-- Input material --
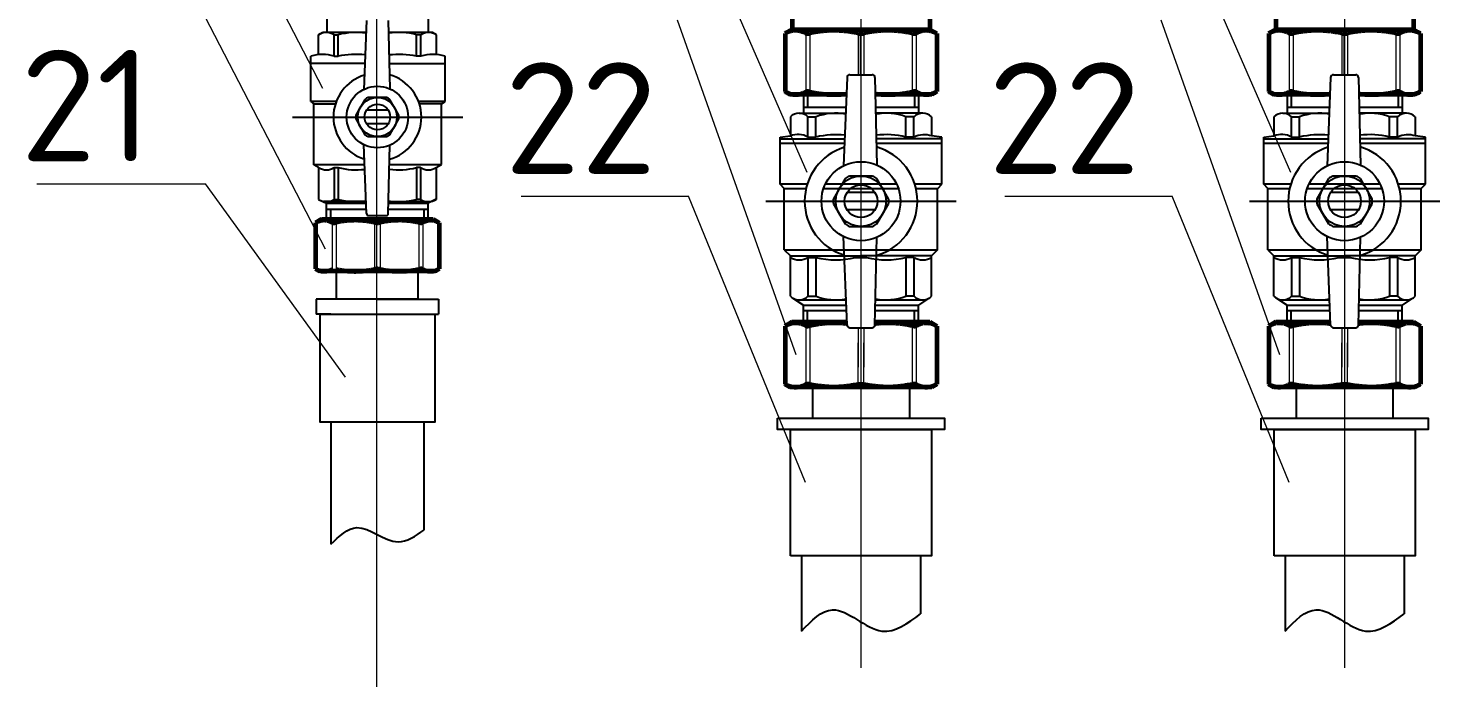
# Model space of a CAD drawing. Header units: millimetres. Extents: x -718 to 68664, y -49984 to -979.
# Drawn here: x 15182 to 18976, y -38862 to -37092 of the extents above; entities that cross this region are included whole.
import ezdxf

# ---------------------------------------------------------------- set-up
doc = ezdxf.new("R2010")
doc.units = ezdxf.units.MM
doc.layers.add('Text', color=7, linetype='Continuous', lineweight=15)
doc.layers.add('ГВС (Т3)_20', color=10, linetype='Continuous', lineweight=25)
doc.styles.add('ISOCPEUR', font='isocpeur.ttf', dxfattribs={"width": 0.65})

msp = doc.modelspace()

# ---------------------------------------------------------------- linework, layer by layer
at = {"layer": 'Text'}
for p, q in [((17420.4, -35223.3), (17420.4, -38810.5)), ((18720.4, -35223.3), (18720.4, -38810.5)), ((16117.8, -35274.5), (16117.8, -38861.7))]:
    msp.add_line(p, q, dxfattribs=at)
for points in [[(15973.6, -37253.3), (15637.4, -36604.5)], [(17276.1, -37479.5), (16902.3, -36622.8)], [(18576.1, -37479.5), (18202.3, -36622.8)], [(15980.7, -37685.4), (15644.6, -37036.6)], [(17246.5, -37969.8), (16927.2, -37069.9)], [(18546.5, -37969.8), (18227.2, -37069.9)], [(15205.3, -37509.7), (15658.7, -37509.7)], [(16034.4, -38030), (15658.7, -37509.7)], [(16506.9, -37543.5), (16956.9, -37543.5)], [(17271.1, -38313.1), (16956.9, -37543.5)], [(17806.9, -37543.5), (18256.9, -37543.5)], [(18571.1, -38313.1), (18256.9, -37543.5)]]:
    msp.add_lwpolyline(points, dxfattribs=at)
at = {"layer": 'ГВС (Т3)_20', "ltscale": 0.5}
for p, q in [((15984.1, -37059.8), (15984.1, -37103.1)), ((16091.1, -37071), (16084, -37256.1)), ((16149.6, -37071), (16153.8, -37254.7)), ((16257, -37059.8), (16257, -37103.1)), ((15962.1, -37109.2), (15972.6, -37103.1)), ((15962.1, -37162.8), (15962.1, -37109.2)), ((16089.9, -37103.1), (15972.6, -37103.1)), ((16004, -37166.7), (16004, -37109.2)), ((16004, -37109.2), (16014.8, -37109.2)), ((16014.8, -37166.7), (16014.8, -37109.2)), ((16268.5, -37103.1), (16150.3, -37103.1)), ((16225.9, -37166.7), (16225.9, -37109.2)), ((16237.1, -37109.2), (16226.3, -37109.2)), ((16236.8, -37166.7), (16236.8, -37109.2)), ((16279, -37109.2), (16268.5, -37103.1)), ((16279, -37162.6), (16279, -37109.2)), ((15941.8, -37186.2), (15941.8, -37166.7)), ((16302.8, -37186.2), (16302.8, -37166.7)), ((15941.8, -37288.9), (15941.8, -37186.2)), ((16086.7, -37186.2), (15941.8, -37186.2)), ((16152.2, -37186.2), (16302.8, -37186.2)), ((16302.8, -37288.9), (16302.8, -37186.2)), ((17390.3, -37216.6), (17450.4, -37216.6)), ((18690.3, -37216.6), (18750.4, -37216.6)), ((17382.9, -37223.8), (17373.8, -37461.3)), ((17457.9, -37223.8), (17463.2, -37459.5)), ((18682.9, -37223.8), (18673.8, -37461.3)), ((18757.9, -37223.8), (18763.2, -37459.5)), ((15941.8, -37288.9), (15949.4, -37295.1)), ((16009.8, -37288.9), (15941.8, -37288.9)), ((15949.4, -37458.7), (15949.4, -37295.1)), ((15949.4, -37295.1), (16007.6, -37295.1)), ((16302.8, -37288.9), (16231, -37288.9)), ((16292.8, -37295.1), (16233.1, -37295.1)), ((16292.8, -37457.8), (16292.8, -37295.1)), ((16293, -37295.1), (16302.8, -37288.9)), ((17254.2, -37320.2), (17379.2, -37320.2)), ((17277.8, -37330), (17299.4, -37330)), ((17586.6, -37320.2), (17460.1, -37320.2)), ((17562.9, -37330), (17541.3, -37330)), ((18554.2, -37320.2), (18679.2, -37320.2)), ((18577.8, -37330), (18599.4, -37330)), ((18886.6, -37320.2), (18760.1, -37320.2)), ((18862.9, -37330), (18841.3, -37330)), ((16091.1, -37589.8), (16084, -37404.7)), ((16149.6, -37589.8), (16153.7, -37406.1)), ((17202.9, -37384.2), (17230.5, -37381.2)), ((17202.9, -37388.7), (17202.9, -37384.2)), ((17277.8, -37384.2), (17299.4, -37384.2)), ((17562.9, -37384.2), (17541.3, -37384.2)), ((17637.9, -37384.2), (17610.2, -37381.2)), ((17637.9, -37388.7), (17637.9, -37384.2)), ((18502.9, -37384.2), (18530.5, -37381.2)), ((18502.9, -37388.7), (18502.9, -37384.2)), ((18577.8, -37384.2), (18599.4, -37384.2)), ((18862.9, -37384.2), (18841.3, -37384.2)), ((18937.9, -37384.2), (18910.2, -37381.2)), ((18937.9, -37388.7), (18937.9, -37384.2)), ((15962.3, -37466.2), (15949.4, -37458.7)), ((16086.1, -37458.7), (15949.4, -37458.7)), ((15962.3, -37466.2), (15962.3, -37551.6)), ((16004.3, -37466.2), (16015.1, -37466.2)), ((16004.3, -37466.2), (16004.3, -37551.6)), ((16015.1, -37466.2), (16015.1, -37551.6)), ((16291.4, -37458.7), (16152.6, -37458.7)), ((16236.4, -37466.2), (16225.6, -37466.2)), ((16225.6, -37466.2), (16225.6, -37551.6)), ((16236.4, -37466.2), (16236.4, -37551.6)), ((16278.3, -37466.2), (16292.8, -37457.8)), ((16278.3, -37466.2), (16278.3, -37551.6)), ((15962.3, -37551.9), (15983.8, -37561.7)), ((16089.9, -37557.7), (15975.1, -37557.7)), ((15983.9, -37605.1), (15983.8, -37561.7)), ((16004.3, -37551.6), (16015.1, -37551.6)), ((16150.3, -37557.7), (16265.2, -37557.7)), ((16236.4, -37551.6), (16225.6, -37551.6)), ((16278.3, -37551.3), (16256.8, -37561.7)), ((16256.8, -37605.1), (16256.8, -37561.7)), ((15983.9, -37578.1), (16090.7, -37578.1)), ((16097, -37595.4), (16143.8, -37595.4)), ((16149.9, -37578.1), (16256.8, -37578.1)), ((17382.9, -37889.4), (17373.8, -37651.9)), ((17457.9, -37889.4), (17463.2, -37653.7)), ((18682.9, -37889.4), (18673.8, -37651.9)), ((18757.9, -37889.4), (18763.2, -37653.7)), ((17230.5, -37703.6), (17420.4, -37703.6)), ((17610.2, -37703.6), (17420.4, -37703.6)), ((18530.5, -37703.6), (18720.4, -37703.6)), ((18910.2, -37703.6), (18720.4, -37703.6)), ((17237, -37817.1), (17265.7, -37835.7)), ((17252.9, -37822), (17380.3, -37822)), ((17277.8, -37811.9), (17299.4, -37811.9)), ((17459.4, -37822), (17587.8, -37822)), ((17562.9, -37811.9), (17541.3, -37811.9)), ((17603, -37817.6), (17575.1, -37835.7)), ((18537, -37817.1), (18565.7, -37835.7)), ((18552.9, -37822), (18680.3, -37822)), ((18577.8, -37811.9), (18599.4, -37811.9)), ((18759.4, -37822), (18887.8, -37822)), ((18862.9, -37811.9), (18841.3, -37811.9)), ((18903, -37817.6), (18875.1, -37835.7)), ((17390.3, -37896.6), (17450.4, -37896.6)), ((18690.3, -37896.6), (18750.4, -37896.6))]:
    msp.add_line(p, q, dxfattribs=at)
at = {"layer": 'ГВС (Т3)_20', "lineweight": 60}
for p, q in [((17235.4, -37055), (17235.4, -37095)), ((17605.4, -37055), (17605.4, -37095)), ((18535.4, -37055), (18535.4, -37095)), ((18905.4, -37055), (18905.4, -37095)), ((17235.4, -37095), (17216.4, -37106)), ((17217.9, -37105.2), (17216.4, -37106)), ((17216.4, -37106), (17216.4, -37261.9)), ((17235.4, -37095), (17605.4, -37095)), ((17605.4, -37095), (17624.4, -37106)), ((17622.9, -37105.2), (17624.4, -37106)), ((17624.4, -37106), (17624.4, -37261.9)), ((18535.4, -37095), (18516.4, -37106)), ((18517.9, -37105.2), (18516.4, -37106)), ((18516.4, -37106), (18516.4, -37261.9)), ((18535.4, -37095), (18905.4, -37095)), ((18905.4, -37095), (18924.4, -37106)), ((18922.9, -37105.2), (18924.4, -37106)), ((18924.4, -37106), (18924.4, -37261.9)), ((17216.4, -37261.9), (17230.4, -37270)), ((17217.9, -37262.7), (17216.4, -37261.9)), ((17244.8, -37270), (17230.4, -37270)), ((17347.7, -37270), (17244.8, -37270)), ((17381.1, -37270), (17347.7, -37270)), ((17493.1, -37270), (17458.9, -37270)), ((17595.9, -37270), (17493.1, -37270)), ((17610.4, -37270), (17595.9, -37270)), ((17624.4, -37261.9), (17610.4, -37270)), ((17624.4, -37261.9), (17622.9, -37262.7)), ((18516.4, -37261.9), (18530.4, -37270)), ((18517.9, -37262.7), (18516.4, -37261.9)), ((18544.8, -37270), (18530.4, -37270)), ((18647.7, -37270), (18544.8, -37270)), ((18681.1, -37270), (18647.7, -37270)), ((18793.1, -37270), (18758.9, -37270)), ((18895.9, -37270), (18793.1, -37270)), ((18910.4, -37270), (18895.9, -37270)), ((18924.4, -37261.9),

-- Exercise directions --
Nothing but a number belongs in the answer, namely how many lines above include "Text".

-- Exercise answer --
2